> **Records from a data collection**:
• • • • • • •
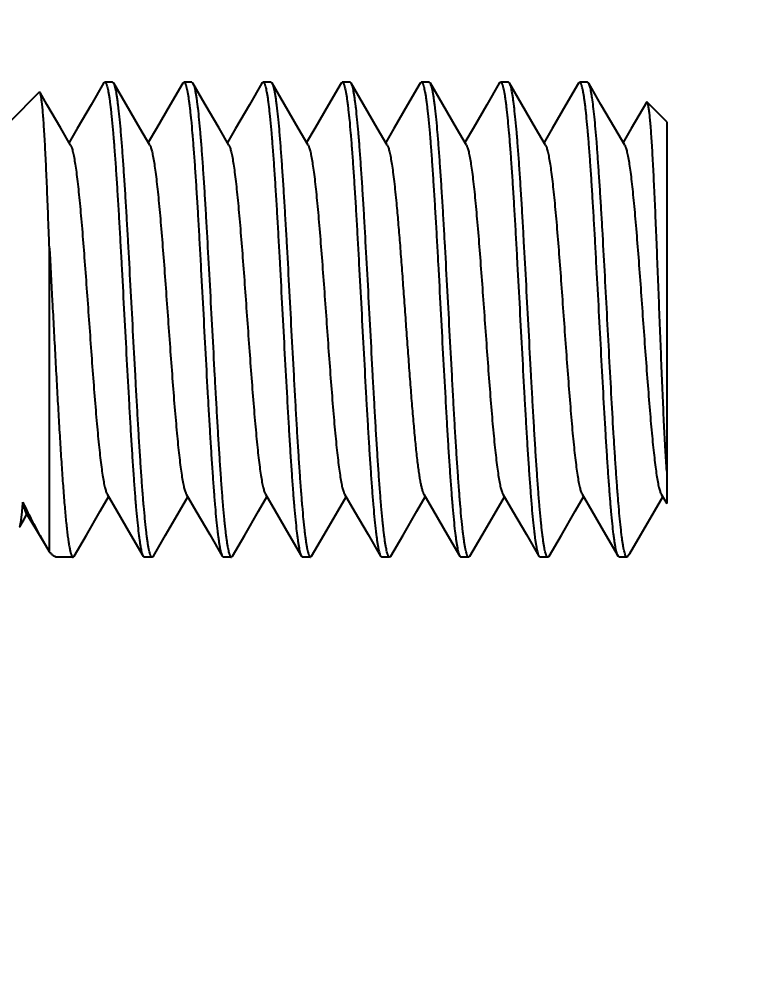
# Model space of a CAD drawing. Header units: millimetres. Extents: x 3299 to 14264, y 1863 to 5555.
# Drawn here: x 5049.15 to 5058.39, y 2541.84 to 2554.07 of the extents above; entities that cross this region are included whole.
import ezdxf

# ---------------------------------------------------------------- set-up
doc = ezdxf.new("R2010")
doc.units = ezdxf.units.MM
doc.layers.add('02___PRT_ALL_AXES', color=7, linetype='Continuous')
doc.layers.add('细实线', color=7, linetype='Continuous', lineweight=18)
doc.styles.add('工程字', font='gbenor.shx', dxfattribs={"bigfont": 'gbcbig.shx'})
doc.dimstyles.new('ISO-200', dxfattribs={"dimtxt": 15, "dimasz": 5, "dimexe": 2, "dimexo": 1, "dimgap": 2, "dimtad": 1, "dimdsep": 46, "dimtxsty": '工程字', "dimcen": 2.5, "dimclrd": 3, "dimclre": 3, "dimclrt": 6, "dimadec": 0, "dimazin": 0, "dimtfac": 1, "dimtmove": 0, "dimatfit": 3, "dimfxl": 1, "dimarcsym": 0})

# ---------------------------------------------------------------- blocks, each defined once
blk = doc.blocks.new('*D158')
at = {"layer": 'Defpoints', "color": 0, "transparency": 16777216}
for p in [(5029.826, 2811.523), (5029.826, 2529.023), (5076.485, 2529.023)]:
    blk.add_point(p, dxfattribs=at)
at = {"layer": '细实线', "color": 3, "lineweight": -2, "transparency": 16777216}
for p, q in [((5030.826, 2811.523), (5078.485, 2811.523)), ((5076.485, 2806.523), (5076.485, 2534.023)), ((5030.826, 2529.023), (5078.485, 2529.023))]:
    blk.add_line(p, q, dxfattribs=at)
at = {"layer": '细实线', "color": 3, "transparency": 16777216}
for points in [[(5075.651, 2806.523), (5077.318, 2806.523), (5076.485, 2811.523)], [(5075.651, 2534.023), (5077.318, 2534.023), (5076.485, 2529.023)]]:
    blk.add_solid(points, dxfattribs=at)
at = {"layer": '细实线', "color": 6, "lineweight": 5, "transparency": 16777216, "insert": (5066.985, 2670.273), "char_height": 15, "attachment_point": 5, "rotation": 90, "style": '工程字'}
blk.add_mtext('282.5', dxfattribs=at)
blk = doc.blocks.new('*D159')
at = {"layer": 'Defpoints', "color": 0, "transparency": 16777216}
for p in [(5011.326, 2814.023), (5094.582, 2814.023), (5011.326, 2526.523)]:
    blk.add_point(p, dxfattribs=at)
at = {"layer": '细实线', "color": 3, "lineweight": -2, "transparency": 16777216}
for p, q in [((5012.326, 2814.023), (5096.582, 2814.023)), ((5094.582, 2531.523), (5094.582, 2809.023)), ((5012.326, 2526.523), (5096.582, 2526.523))]:
    blk.add_line(p, q, dxfattribs=at)
at = {"layer": '细实线', "color": 3, "transparency": 16777216}
for points in [[(5093.749, 2809.023), (5095.416, 2809.023), (5094.582, 2814.023)], [(5093.749, 2531.523), (5095.416, 2531.523), (5094.582, 2526.523)]]:
    blk.add_solid(points, dxfattribs=at)
at = {"layer": '细实线', "color": 6, "lineweight": 5, "transparency": 16777216, "insert": (5085.082, 2670.273), "char_height": 15, "attachment_point": 5, "rotation": 90, "style": '工程字'}
blk.add_mtext('287.5', dxfattribs=at)

msp = doc.modelspace()

# ---------------------------------------------------------------- linework, layer by layer
at = {"color": 7, "linetype": 'Continuous'}
for p, q in [((5050.2112, 2553.26053), (5050.22578, 2553.27311)), ((5050.32578, 2553.27311), (5050.22578, 2553.27311)), ((5050.34036, 2553.26053), (5050.32578, 2553.27311)), ((5051.2112, 2553.26053), (5051.22578, 2553.27311)), ((5051.32578, 2553.27311), (5051.22578, 2553.27311)), ((5051.32578, 2553.27311), (5051.34036, 2553.26053)), ((5052.2112, 2553.26053), (5052.22578, 2553.27311)), ((5052.32578, 2553.27311), (5052.22578, 2553.27311)), ((5052.32578, 2553.27311), (5052.34036, 2553.26053)), ((5053.2112, 2553.26053), (5053.22578, 2553.27311)), ((5053.32578, 2553.27311), (5053.22578, 2553.27311)), ((5053.34036, 2553.26053), (5053.32578, 2553.27311)), ((5054.2112, 2553.26053), (5054.22578, 2553.27311)), ((5054.32578, 2553.27311), (5054.22578, 2553.27311)), ((5054.34036, 2553.26053), (5054.32578, 2553.27311)), ((5055.2112, 2553.26053), (5055.22578, 2553.27311)), ((5055.32578, 2553.27311), (5055.22578, 2553.27311)), ((5055.34036, 2553.26053), (5055.32578, 2553.27311)), ((5056.2112, 2553.26053), (5056.22578, 2553.27311)), ((5056.32578, 2553.27311), (5056.22578, 2553.27311)), ((5056.34036, 2553.26053), (5056.32578, 2553.27311)), ((5049.39899, 2553.14631), (5049.02578, 2552.77311)), ((5049.4086, 2553.14285), (5049.39899, 2553.14631)), ((5057.32578, 2552.77311), (5057.07937, 2553.01952)), ((5057.32578, 2552.77299), (5057.32578, 2547.94969)), ((5049.52578, 2551.20016), (5049.52578, 2547.34737)), ((5057.16979, 2547.85333), (5057.27578, 2548.03564)), ((5057.25612, 2548.06945), (5057.32578, 2547.94967)), ((5049.20631, 2547.7527), (5049.2429, 2547.81575)), ((5049.143, 2547.65589), (5049.15203, 2547.65914)), ((5049.15203, 2547.65914), (5049.20631, 2547.7527)), ((5049.47772, 2547.42546), (5049.52578, 2547.34737)), ((5049.82578, 2547.27311), (5049.84036, 2547.28569)), ((5050.7112, 2547.28569), (5050.72578, 2547.27311)), ((5050.84036, 2547.28569), (5050.82578, 2547.27311)), ((5051.7112, 2547.28569), (5051.72578, 2547.27311)), ((5051.84036, 2547.28569), (5051.82578, 2547.27311)), ((5052.7112, 2547.28569), (5052.72578, 2547.27311)), ((5052.84036, 2547.28569), (5052.82578, 2547.27311)), ((5053.7112, 2547.28569), (5053.72578, 2547.27311)), ((5053.84036, 2547.28569), (5053.82578, 2547.27311)), ((5054.7112, 2547.28569), (5054.72578, 2547.27311)), ((5054.84036, 2547.28569), (5054.82578, 2547.27311)), ((5055.7112, 2547.28569), (5055.72578, 2547.27311)), ((5055.84036, 2547.28569), (5055.82578, 2547.27311)), ((5056.72578, 2547.27311), (5056.7112, 2547.28569)), ((5056.86069, 2547.32074), (5056.82578, 2547.27311)), ((5050.82578, 2547.27311), (5050.72578, 2547.27311)), ((5051.82578, 2547.27311), (5051.72578, 2547.27311)), ((5052.82578, 2547.27311), (5052.72578, 2547.27311)), ((5053.82578, 2547.27311), (5053.72578, 2547.27311)), ((5054.82578, 2547.27311), (5054.72578, 2547.27311)), ((5055.82578, 2547.27311), (5055.72578, 2547.27311))]:
    msp.add_line(p, q, dxfattribs=at)
for points in [[(5050.2112, 2553.26053), (5050.05307, 2552.9879), (5049.87886, 2552.68787), (5049.77578, 2552.51058)], [(5050.79544, 2552.47677), (5050.66979, 2552.69289), (5050.49558, 2552.99292), (5050.34036, 2553.26053)], [(5051.2112, 2553.26053), (5051.05307, 2552.9879), (5050.87886, 2552.68787), (5050.77578, 2552.51058)], [(5051.79544, 2552.47677), (5051.66979, 2552.69289), (5051.49558, 2552.99292), (5051.34036, 2553.26053)], [(5052.2112, 2553.26053), (5052.05307, 2552.9879), (5051.87886, 2552.68787), (5051.77578, 2552.51058)], [(5052.79544, 2552.47677), (5052.66979, 2552.69289), (5052.49558, 2552.99292), (5052.34036, 2553.26053)], [(5053.2112, 2553.26053), (5053.05307, 2552.9879), (5052.87886, 2552.68787), (5052.77578, 2552.51058)], [(5053.79544, 2552.47677), (5053.66979, 2552.69289), (5053.49558, 2552.99292), (5053.34036, 2553.26053)], [(5054.2112, 2553.26053), (5054.05307, 2552.9879), (5053.87886, 2552.68787), (5053.77578, 2552.51058)], [(5054.79544, 2552.47677), (5054.66979, 2552.69289), (5054.49558, 2552.99292), (5054.34036, 2553.26053)], [(5055.2112, 2553.26053), (5055.05307, 2552.9879), (5054.87886, 2552.68787), (5054.77578, 2552.51058)], [(5055.79544, 2552.47677), (5055.66979, 2552.69289), (5055.49558, 2552.99292), (5055.34036, 2553.26053)], [(5056.2112, 2553.26053), (5056.05307, 2552.9879), (5055.87886, 2552.68787), (5055.77578, 2552.51058)], [(5056.79544, 2552.47677), (5056.66979, 2552.69289), (5056.49558, 2552.99292), (5056.34036, 2553.26053)], [(5049.79544, 2552.47677), (5049.66979, 2552.69289), (5049.49558, 2552.99292), (5049.4086, 2553.14285)], [(5057.06931, 2553.0159), (5056.87886, 2552.68787), (5056.77578, 2552.51058)], [(5049.84036, 2547.28569), (5049.99558, 2547.5533), (5050.16979, 2547.85333), (5050.27578, 2548.03564)], [(5050.25612, 2548.06945), (5050.37886, 2547.85835), (5050.55307, 2547.55831), (5050.7112, 2547.28569)], [(5050.84036, 2547.28569), (5050.99558, 2547.5533), (5051.16979, 2547.85333), (5051.27578, 2548.03564)], [(5051.25612, 2548.06945), (5051.37886, 2547.85835), (5051.55307, 2547.55831), (5051.7112, 2547.28569)], [(5051.84036, 2547.28569), (5051.99558, 2547.5533), (5052.16979, 2547.85333), (5052.27578, 2548.03564)], [(5052.25612, 2548.06945), (5052.37886, 2547.85835), (5052.55307, 2547.55831), (5052.7112, 2547.28569)], [(5052.84036, 2547.28569), (5052.99558, 2547.5533), (5053.16979, 2547.85333), (5053.27578, 2548.03564)], [(5053.25612, 2548.06945), (5053.37886, 2547.85835), (5053.55307, 2547.55831), (5053.7112, 2547.28569)], [(5053.84036, 2547.28569), (5053.99558, 2547.5533), (5054.16979, 2547.85333), (5054.27578, 2548.03564)], [(5054.25612, 2548.06945), (5054.37886, 2547.85835), (5054.55307, 2547.55831), (5054.7112, 2547.28569)], [(5054.84036, 2547.28569), (5054.99558, 2547.5533), (5055.16979, 2547.85333), (5055.27578, 2548.03564)], [(5055.25612, 2548.06945), (5055.37886, 2547.85835), (5055.55307, 2547.55831), (5055.7112, 2547.28569)], [(5055.84036, 2547.28569), (5055.99558, 2547.5533), (5056.16979, 2547.85333), (5056.27578, 2548.03564)], [(5056.25612, 2548.06945), (5056.37886, 2547.85835), (5056.55307, 2547.55831), (5056.7112, 2547.28569)], [(5049.22704, 2547.84202), (5049.35191, 2547.63513), (5049.47772, 2547.42546)], [(5056.86069, 2547.32074), (5056.99558, 2547.5533), (5057.16979, 2547.85333)]]:
    msp.add_lwpolyline(points, dxfattribs=at)
for points, knots in [([(5050.22578, 2553.27311), (5050.22708, 2553.27311), (5050.22991, 2553.2724), (5050.23378, 2553.26959), (5050.23755, 2553.26517), (5050.2413, 2553.25911), (5050.24505, 2553.25141), (5050.2488, 2553.24204), (5050.25257, 2553.23099), (5050.2579, 2553.213), (5050.2644, 2553.18629), (5050.27188, 2553.14923), (5050.27938, 2553.10566), (5050.2869, 2553.05567), (5050.29443, 2552.99937), (5050.30197, 2552.93687), (5050.30952, 2552.86834), (5050.31997, 2552.76536), (5050.33286, 2552.62278), (5050.34788, 2552.43597), (5050.36292, 2552.22955), (5050.37798, 2552.00536), (5050.39305, 2551.76545), (5050.40814, 2551.512), (5050.42323, 2551.24731), (5050.44355, 2550.87892), (5050.46862, 2550.40892), (5050.49841, 2549.84548), (5050.52358, 2549.38214), (5050.544, 2549.02433), (5050.55909, 2548.77135), (5050.57416, 2548.53201), (5050.58922, 2548.30846), (5050.60426, 2548.10275), (5050.61927, 2547.91673), (5050.63424, 2547.75209), (5050.64718, 2547.62899), (5050.65771, 2547.54234), (5050.66524, 2547.48651), (5050.67276, 2547.43701), (5050.68026, 2547.39393), (5050.68773, 2547.35737), (5050.69516, 2547.3274), (5050.70169, 2547.30666), (5050.70709, 2547.29353), (5050.70981, 2547.28811), (5050.7112, 2547.28572)], [0, 0, 0, 0, 0.00064487, 0.00140434, 0.00235147, 0.0035243, 0.00494244, 0.00661657, 0.00855283, 0.01075494, 0.01596342, 0.02224447, 0.02959066, 0.03799133, 0.04743334, 0.05789656, 0.06935718, 0.08179093, 0.10947282, 0.14069267, 0.17517544, 0.21260813, 0.25265589, 0.29495556, 0.33912589, 0.3847671, 0.47880089, 0.57366056, 0.66591955, 0.71002569, 0.75224643, 0.79220085, 0.82952711, 0.86389087, 0.89498072, 0.92252238, 0.94626791, 0.95665406, 0.96601724, 0.97433788, 0.98160317, 0.9878026, 0.99292912, 0.99698554, 0.99862013, 1, 1, 1, 1]), ([(5050.82578, 2547.27311), (5050.82449, 2547.27311), (5050.82165, 2547.27381), (5050.81778, 2547.27663), (5050.81401, 2547.28105), (5050.81027, 2547.28711), (5050.80652, 2547.29481), (5050.80276, 2547.30418), (5050.799, 2547.31523), (5050.79367, 2547.33322), (5050.78716, 2547.35993), (5050.77969, 2547.39699), (5050.77219, 2547.44056), (5050.76467, 2547.49055), (5050.75714, 2547.54685), (5050.74959, 2547.60935), (5050.74204, 2547.67788), (5050.73159, 2547.78086), (5050.7187, 2547.92344), (5050.70368, 2548.11025), (5050.68864, 2548.31667), (5050.67358, 2548.54086), (5050.65851, 2548.78077), (5050.64343, 2549.03422), (5050.62834, 2549.29891), (5050.60801, 2549.6673), (5050.58295, 2550.1373), (5050.55315, 2550.70074), (5050.52799, 2551.16408), (5050.50756, 2551.52189), (5050.49248, 2551.77487), (5050.47741, 2552.01421), (5050.46235, 2552.23776), (5050.44731, 2552.44347), (5050.43229, 2552.62949), (5050.41732, 2552.79413), (5050.40438, 2552.91723), (5050.39385, 2553.00388), (5050.38632, 2553.05971), (5050.37881, 2553.10921), (5050.3713, 2553.15229), (5050.36384, 2553.18885), (5050.3564, 2553.21882), (5050.34988, 2553.23956), (5050.34448, 2553.25269), (5050.34175, 2553.2581), (5050.34036, 2553.2605)], [0, 0, 0, 0, 0.00064487, 0.00140434, 0.00235147, 0.0035243, 0.00494245, 0.00661657, 0.00855283, 0.01075494, 0.01596343, 0.02224447, 0.02959067, 0.03799133, 0.04743335, 0.05789658, 0.0693572, 0.08179095, 0.10947284, 0.14069269, 0.17517547, 0.21260817, 0.25265594, 0.29495561, 0.33912596, 0.38476717, 0.47880097, 0.57366065, 0.66591964, 0.71002578, 0.75224652, 0.79220094, 0.8295272, 0.86389095, 0.8949808, 0.92252244, 0.94626796, 0.95665411, 0.96601728, 0.97433792, 0.98160319, 0.98780262, 0.99292913, 0.99698555, 0.99862013, 1, 1, 1, 1]), ([(5051.22578, 2553.27311), (5051.22708, 2553.27311), (5051.22991, 2553.2724), (5051.23378, 2553.26959), (5051.23755, 2553.26517), (5051.2413, 2553.25911), (5051.24505, 2553.25141), (5051.2488, 2553.24204), (5051.25257, 2553.23099), (5051.2579, 2553.213), (5051.2644, 2553.18629), (5051.27188, 2553.14923), (5051.27938, 2553.10566), (5051.2869, 2553.05567), (5051.29443, 2552.99937), (5051.30197, 2552.93687), (5051.30952, 2552.86834), (5051.31997, 2552.76536), (5051.33286, 2552.62278), (5051.34788, 2552.43597), (5051.36292, 2552.22955), (5051.37798, 2552.00536), (5051.39305, 2551.76545), (5051.40814, 2551.512), (5051.42323, 2551.24731), (5051.44355, 2550.87892), (5051.46862, 2550.40892), (5051.49841, 2549.84548), (5051.52358, 2549.38214), (5051.544, 2549.02433), (5051.55909, 2548.77135), (5051.57416, 2548.53201), (5051.58922, 2548.30846), (5051.60426, 2548.10275), (5051.61927, 2547.91673), (5051.63424, 2547.75209), (5051.64718, 2547.62899), (5051.65771, 2547.54234), (5051.66524, 2547.48651), (5051.67276, 2547.43701), (5051.68026, 2547.39393), (5051.68773, 2547.35737), (5051.69516, 2547.3274), (5051.70169, 2547.30666), (5051.70709, 2547.29353), (5051.70981, 2547.28811), (5051.7112, 2547.28572)], [0, 0, 0, 0, 0.00064487, 0.00140434, 0.00235147, 0.0035243, 0.00494244, 0.00661657, 0.00855283, 0.01075494, 0.01596342, 0.02224447, 0.02959066, 0.03799133, 0.04743334, 0.05789656, 0.06935718, 0.08179093, 0.10947282, 0.14069267, 0.17517544, 0.21260813, 0.25265589, 0.29495556, 0.33912589, 0.3847671, 0.47880089, 0.57366056, 0.66591955, 0.71002569, 0.75224643, 0.79220085, 0.82952711, 0.86389087, 0.89498072, 0.92252238, 0.94626791, 0.95665406, 0.96601724, 0.97433788, 0.98160317, 0.9878026, 0.99292912, 0.99698554, 0.99862013, 1, 1, 1, 1]), ([(5051.34036, 2553.2605), (5051.34175, 2553.2581), (5051.34448, 2553.25269), (5051.34988, 2553.23956), (5051.3564, 2553.21882), (5051.36384, 2553.18885), (5051.3713, 2553.15229), (5051.37881, 2553.10921), (5051.38632, 2553.05971), (5051.39385, 2553.00388), (5051.40438, 2552.91723), (5051.41732, 2552.79413), (5051.43229, 2552.62949), (5051.44731, 2552.44347), (5051.46235, 2552.23776), (5051.47741, 2552.01421), (5051.49248, 2551.77487), (5051.50756, 2551.52189), (5051.52799, 2551.16408), (5051.55315, 2550.70074), (5051.58295, 2550.1373), (5051.60801, 2549.6673), (5051.62834, 2549.29891), (5051.64343, 2549.03422), (5051.65851, 2548.78077), (5051.67358, 2548.54086), (5051.68864, 2548.31667), (5051.70368, 2548.11025), (5051.7187, 2547.92344), (5051.73159, 2547.78086), (5051.74204, 2547.67788), (5051.74959, 2547.60935), (5051.75714, 2547.54685), (5051.76467, 2547.49055), (5051.77219, 2547.44056), (5051.77969, 2547.39699), (5051.78716, 2547.35993), (5051.79367, 2547.33322), (5051.799, 2547.31523), (5051.80276, 2547.30418), (5051.80652, 2547.29481), (5051.81027, 2547.28711), (5051.81401, 2547.28105), (5051.81778, 2547.27663), (5051.82165, 2547.27381), (5051.82449, 2547.27311), (5051.82578, 2547.27311)], [0, 0, 0, 0, 0.00137987, 0.00301445, 0.00707087, 0.01219738, 0.01839681, 0.02566208, 0.03398272, 0.04334589, 0.05373204, 0.07747756, 0.1050192, 0.13610905, 0.1704728, 0.20779906, 0.24775348, 0.28997422, 0.33408036, 0.42633935, 0.52119903, 0.61523283, 0.66087404, 0.70504439, 0.74734406, 0.78739183, 0.82482453, 0.85930731, 0.89052716, 0.91820905, 0.9306428, 0.94210342, 0.95256665, 0.96200867, 0.97040933, 0.97775553, 0.98403657, 0.98924506, 0.99144717, 0.99338343, 0.99505755, 0.9964757, 0.99764853, 0.99859566, 0.99935513, 1, 1, 1, 1]), ([(5052.22578, 2553.27311), (5052.22708, 2553.27311), (5052.22991, 2553.2724), (5052.23378, 2553.26959), (5052.23755, 2553.26517), (5052.2413, 2553.25911), (5052.24505, 2553.25141), (5052.2488, 2553.24204), (5052.25257, 2553.23099), (5052.2579, 2553.213), (5052.2644, 2553.18629), (5052.27188, 2553.14923), (5052.27938, 2553.10566), (5052.2869, 2553.05567), (5052.29443, 2552.99937), (5052.30197, 2552.93687), (5052.30952, 2552.86834), (5052.31997, 2552.76536), (5052.33286, 2552.62278), (5052.34788, 2552.43597), (5052.36292, 2552.22955), (5052.37798, 2552.00536), (5052.39305, 2551.76545), (5052.40814, 2551.512), (5052.42323, 2551.24731), (5052.44355, 2550.87892), (5052.46862, 2550.40892), (5052.49841, 2549.84548), (5052.52358, 2549.38214), (5052.544, 2549.02433), (5052.55909, 2548.77135), (5052.57416, 2548.53201), (5052.58922, 2548.30846), (5052.60426, 2548.10275), (5052.61927, 2547.91673), (5052.63424, 2547.75209), (5052.64718, 2547.62899), (5052.65771, 2547.54234), (5052.66524, 2547.48651), (5052.67276, 2547.43701), (5052.68026, 2547.39393), (5052.68773, 2547.35737), (5052.69516, 2547.3274), (5052.70169, 2547.30666), (5052.70709, 2547.29353), (5052.70981, 2547.28811), (5052.7112, 2547.28572)], [0, 0, 0, 0, 0.00064487, 0.00140434, 0.00235147, 0.0035243, 0.00494244, 0.00661657, 0.00855283, 0.01075494, 0.01596342, 0.02224447, 0.02959066, 0.03799133, 0.04743334, 0.05789656, 0.06935718, 0.08179093, 0.10947282, 0.14069267, 0.17517544, 0.21260813, 0.25265589, 0.29495556, 0.33912589, 0.3847671, 0.47880089, 0.57366056, 0.66591955, 0.71002569, 0.75224643, 0.79220085, 0.82952711, 0.86389087, 0.89498072, 0.92252238, 0.94626791, 0.95665406, 0.96601724, 0.97433788, 0.98160317, 0.9878026, 0.99292912, 0.99698554, 0.99862013, 1, 1, 1, 1]), ([(5052.34036, 2553.2605), (5052.34175, 2553.2581), (5052.34448, 2553.25269), (5052.34988, 2553.23956), (5052.3564, 2553.21882), (5052.36384, 2553.18885), (5052.3713, 2553.15229), (5052.37881, 2553.10921), (5052.38632, 2553.05971), (5052.39385, 2553.00388), (5052.40438, 2552.91723), (5052.41732, 2552.79413), (5052.43229, 2552.62949), (5052.44731, 2552.44347), (5052.46235, 2552.23776), (5052.47741, 2552.01421), (5052.49248, 2551.77487), (5052.50756, 2551.52189), (5052.52799, 2551.16408), (5052.55315, 2550.70074), (5052.58295, 2550.1373), (5052.60801, 2549.6673), (5052.62834, 2549.29891), (5052.64343, 2549.03422), (5052.65851, 2548.78077), (5052.67358, 2548.54086), (5052.68864, 2548.31667), (5052.70368, 2548.11025), (5052.7187, 2547.92344), (5052.73159, 2547.78086), (5052.74204, 2547.67788), (5052.74959, 2547.60935), (5052.75714, 2547.54685), (5052.76467, 2547.49055), (5052.77219, 2547.44056), (5052.77969, 2547.39699), (5052.78716, 2547.35993), (5052.79367, 2547.33322), (5052.799, 2547.31523), (5052.80276, 2547.30418), (5052.80652, 2547.29481), (5052.81027, 2547.28711), (5052.81401, 2547.28105), (5052.81778, 2547.27663), (5052.82165, 2547.27381), (5052.82449, 2547.27311), (5052.82578, 2547.27311)], [0, 0, 0, 0, 0.00137987, 0.00301445, 0.00707087, 0.01219738, 0.01839681, 0.02566208, 0.03398272, 0.04334589, 0.05373204, 0.07747756, 0.1050192, 0.13610905, 0.1704728, 0.20779906, 0.24775348, 0.28997422, 0.33408036, 0.42633935, 0.52119903, 0.61523283, 0.66087404, 0.70504439, 0.74734406, 0.78739183, 0.82482453, 0.85930731, 0.89052716, 0.91820905, 0.9306428, 0.94210342, 0.95256665, 0.96200867, 0.97040933, 0.97775553, 0.98403657, 0.98924506, 0.99144717, 0.99338343, 0.99505755, 0.9964757, 0.99764853, 0.99859566, 0.99935513, 1, 1, 1, 1]), ([(5053.22578, 2553.27311), (5053.22708, 2553.27311), (5053.22991, 2553.2724), (5053.23378, 2553.26959), (5053.23755, 2553.26517), (5053.2413, 2553.25911), (5053.24505, 2553.25141), (5053.2488, 2553.24204), (5053.25257, 2553.23099), (5053.2579, 2553.213), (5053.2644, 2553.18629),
• • • • • • •
> **What is being asked**:
Lines holding the word "Continuous" should be copied from the entries above.

> **Task result**:
doc.layers.add('02___PRT_ALL_AXES', color=7, linetype='Continuous')
doc.layers.add('细实线', color=7, linetype='Continuous', lineweight=18)
at = {"color": 7, "linetype": 'Continuous'}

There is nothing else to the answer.